Ovarian stimulation and egg retrieval in the acutely ill patient: special considerations Kaitlyn Wald 1 & Joseph Letourneau 1,2 & Rachel Eshima-McKay 3 & John Monks 3 & Evelyn Mok-Lin 1 & Marcelle Cedars 1 & Mitchell Rosen 1 Received: 24 May 2019 / Accepted: 2 August 2019 # Springer Science+Business Media, LLC, part of Springer Nature 2019

Introduction Over the past decades, assisted reproductive care has become increasingly safe and more widely applied. Egg retrieval has become an outpatient procedure, with ultrasound guidance, and stimulations have increasingly become less aggressive and safer with more individualization and safer trigger options. With this improvement in care, these treatments are considered low risk and applied more widely, including fertility preservation for elective reasons (so-called social egg freezing). However, it is incumbent upon providers to realize the application of even “simple” treatments, in a high-risk population, may have serious consequences.
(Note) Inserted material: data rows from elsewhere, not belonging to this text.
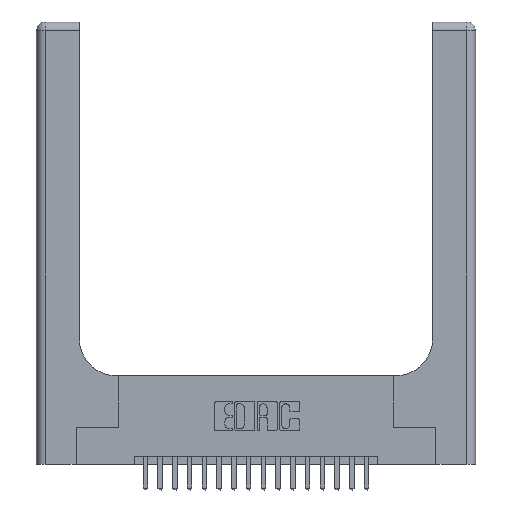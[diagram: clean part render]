
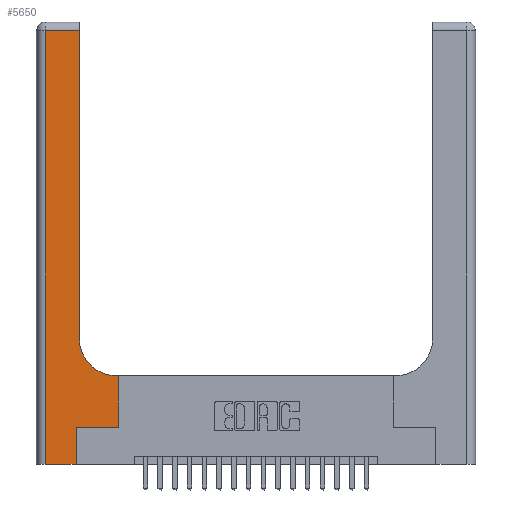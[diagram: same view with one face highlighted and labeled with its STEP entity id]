
A CAD part, top view. The second image highlights one B-rep face of the part: STEP entity #5650.
In plain terms, the highlighted planar face has unit normal (0, 0, 1).
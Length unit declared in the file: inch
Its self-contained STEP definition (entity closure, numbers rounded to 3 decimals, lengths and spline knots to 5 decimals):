
#502 = VERTEX_POINT ( 'NONE', #7329 ) ;
#1239 = DIRECTION ( 'NONE',  ( 0., 1., 0. ) ) ;
#2318 = CARTESIAN_POINT ( 'NONE',  ( 0., 0., 0.37 ) ) ;
#2489 = VECTOR ( 'NONE', #1239, 39.37008 ) ;
#2785 = AXIS2_PLACEMENT_3D ( 'NONE', #17686, #20872, #11112 ) ;
#3670 = CARTESIAN_POINT ( 'NONE',  ( 0., 2.94, 0.37 ) ) ;
#3706 = VERTEX_POINT ( 'NONE', #18512 ) ;
#3826 = EDGE_LOOP ( 'NONE', ( #15168, #18428, #16423, #15514, #19628, #11932, #20401, #12027, #19457 ) ) ;
#4079 = LINE ( 'NONE', #2318, #11797 ) ;
#4485 = DIRECTION ( 'NONE',  ( 1., 0., 0. ) ) ;
#4935 = FACE_OUTER_BOUND ( 'NONE', #3826, .T. ) ;
#4987 = VERTEX_POINT ( 'NONE', #7656 ) ;
#5131 = DIRECTION ( 'NONE',  ( 0., 0., -1. ) ) ;
#5535 = VERTEX_POINT ( 'NONE', #20533 ) ;
#5539 = VERTEX_POINT ( 'NONE', #19021 ) ;
#5650 = ADVANCED_FACE ( 'NONE', ( #4935 ), #19295, .F. ) ;
#5888 = EDGE_CURVE ( 'NONE', #7605, #4987, #18290, .T. ) ;
#6113 = VECTOR ( 'NONE', #13540, 39.37008 ) ;
#6178 = VERTEX_POINT ( 'NONE', #8797 ) ;
#6276 = VERTEX_POINT ( 'NONE', #7482 ) ;
#6436 = EDGE_CURVE ( 'NONE', #5539, #6178, #13908, .T. ) ;
#7329 = CARTESIAN_POINT ( 'NONE',  ( 0.06, 0., 0.37 ) ) ;
#7482 = CARTESIAN_POINT ( 'NONE',  ( 0.269, 0., 0.37 ) ) ;
#7605 = VERTEX_POINT ( 'NONE', #11271 ) ;
#7628 = CARTESIAN_POINT ( 'NONE',  ( 0.2915, 3., 0.37 ) ) ;
#7656 = CARTESIAN_POINT ( 'NONE',  ( 0.2915, 0.85, 0.37 ) ) ;
#8016 = EDGE_CURVE ( 'NONE', #4987, #5535, #14393, .T. ) ;
#8797 = CARTESIAN_POINT ( 'NONE',  ( 0.5585, 0.25, 0.37 ) ) ;
#9007 = EDGE_CURVE ( 'NONE', #3706, #502, #20935, .T. ) ;
#9826 = VERTEX_POINT ( 'NONE', #14366 ) ;
#10270 = DIRECTION ( 'NONE',  ( 0., -1., 0. ) ) ;
#10286 = LINE ( 'NONE', #16495, #14692 ) ;
#11112 = DIRECTION ( 'NONE',  ( -1., 0., 0. ) ) ;
#11165 = EDGE_CURVE ( 'NONE', #9826, #7605, #10286, .T. ) ;
#11205 = CARTESIAN_POINT ( 'NONE',  ( 0.269, 0., 0.37 ) ) ;
#11271 = CARTESIAN_POINT ( 'NONE',  ( 0.5415, 0.6, 0.37 ) ) ;
#11797 = VECTOR ( 'NONE', #13890, 39.37008 ) ;
#11932 = ORIENTED_EDGE ( 'NONE', *, *, #6436, .T. ) ;
#12027 = ORIENTED_EDGE ( 'NONE', *, *, #11165, .T. ) ;
#12549 = EDGE_CURVE ( 'NONE', #502, #6276, #4079, .T. ) ;
#12841 = VECTOR ( 'NONE', #16889, 39.37008 ) ;
#13165 = DIRECTION ( 'NONE',  ( -1., 0., 0. ) ) ;
#13197 = EDGE_CURVE ( 'NONE', #6276, #5539, #20486, .T. ) ;
#13540 = DIRECTION ( 'NONE',  ( -1., 0., 0. ) ) ;
#13541 = EDGE_CURVE ( 'NONE', #6178, #9826, #17222, .T. ) ;
#13890 = DIRECTION ( 'NONE',  ( 1., 0., 0. ) ) ;
#13908 = LINE ( 'NONE', #16011, #17276 ) ;
#14366 = CARTESIAN_POINT ( 'NONE',  ( 0.5585, 0.6, 0.37 ) ) ;
#14393 = LINE ( 'NONE', #7628, #18238 ) ;
#14692 = VECTOR ( 'NONE', #13165, 39.37008 ) ;
#14981 = CARTESIAN_POINT ( 'NONE',  ( 0.5415, 0.85, 0.37 ) ) ;
#15168 = ORIENTED_EDGE ( 'NONE', *, *, #8016, .T. ) ;
#15185 = CARTESIAN_POINT ( 'NONE',  ( 0.06, 3., 0.37 ) ) ;
#15212 = CARTESIAN_POINT ( 'NONE',  ( 0.5585, 0.25, 0.37 ) ) ;
#15344 = LINE ( 'NONE', #3670, #6113 ) ;
#15514 = ORIENTED_EDGE ( 'NONE', *, *, #12549, .T. ) ;
#16011 = CARTESIAN_POINT ( 'NONE',  ( 0.269, 0.25, 0.37 ) ) ;
#16423 = ORIENTED_EDGE ( 'NONE', *, *, #9007, .T. ) ;
#16495 = CARTESIAN_POINT ( 'NONE',  ( 0.2915, 0.6, 0.37 ) ) ;
#16658 = DIRECTION ( 'NONE',  ( 1., 0., 0. ) ) ;
#16675 = VECTOR ( 'NONE', #10270, 39.37008 ) ;
#16889 = DIRECTION ( 'NONE',  ( 0., 1., 0. ) ) ;
#17222 = LINE ( 'NONE', #15212, #12841 ) ;
#17276 = VECTOR ( 'NONE', #4485, 39.37008 ) ;
#17686 = CARTESIAN_POINT ( 'NONE',  ( 0., 3., 0.37 ) ) ;
#18238 = VECTOR ( 'NONE', #19087, 39.37008 ) ;
#18263 = AXIS2_PLACEMENT_3D ( 'NONE', #14981, #5131, #16658 ) ;
#18290 = CIRCLE ( 'NONE', #18263, 0.25 ) ;
#18428 = ORIENTED_EDGE ( 'NONE', *, *, #18774, .T. ) ;
#18512 = CARTESIAN_POINT ( 'NONE',  ( 0.06, 2.94, 0.37 ) ) ;
#18774 = EDGE_CURVE ( 'NONE', #5535, #3706, #15344, .T. ) ;
#19021 = CARTESIAN_POINT ( 'NONE',  ( 0.269, 0.25, 0.37 ) ) ;
#19087 = DIRECTION ( 'NONE',  ( 0., 1., 0. ) ) ;
#19295 = PLANE ( 'NONE',  #2785 ) ;
#19457 = ORIENTED_EDGE ( 'NONE', *, *, #5888, .T. ) ;
#19628 = ORIENTED_EDGE ( 'NONE', *, *, #13197, .T. ) ;
#20401 = ORIENTED_EDGE ( 'NONE', *, *, #13541, .T. ) ;
#20486 = LINE ( 'NONE', #11205, #2489 ) ;
#20533 = CARTESIAN_POINT ( 'NONE',  ( 0.2915, 2.94, 0.37 ) ) ;
#20872 = DIRECTION ( 'NONE',  ( 0., 0., -1. ) ) ;
#20935 = LINE ( 'NONE', #15185, #16675 ) ;

As long-term survival rates have improved among patients diagnosed with cancer and life-threatening disease, and with these improved survival rates, post-treatment quality of life has gained increased attention [1]. Among this growing population with life-threatening illness and greater survival expectation are women of reproductive age, and for that reason, an increasing number of such patients seek fertility treatment [2]. Oocyte and embryo cryopreservation prior to chemotherapy for fertility preservation have been associated with improved quality of life [3]. Thus, the American Society for Reproductive Medicine advises that all women recommended potentially gonadotoxic therapies should be counseled on the

impact of these treatments on their future fertility and their options for fertility preservation prior to initiation of gonadotoxic treatment [4]. Fertility preservation is increasingly accepted as an independent discipline within oncology and reproductive medicine [5]. Approximately 1000 research papers will be published this year on the topics of oncofertility and fertility preservation [6]. Previous studies have demonstrated that these preservation methods can be completed without significant delays in cancer treatment when a random-start approach is used [7]. There is a single publication discussing the potentially serious complications that can occur in sickle cell patients undergoing ovarian stimulation [8]. Few, if any papers, have ever focused on medical complications that have arisen during ovarian stimulation or oocyte retrieval related to an underlying cancer. Nor has any prior publication, to our knowledge, addressed the unique considerations and challenges physicians must address in this population to assure a safe and successful treatment. Addressing these challenges is crucial in maximizing each patient’s chance for future family building, avoiding delay in the treatment of disease, and most importantly in doing no harm to this unique patient population.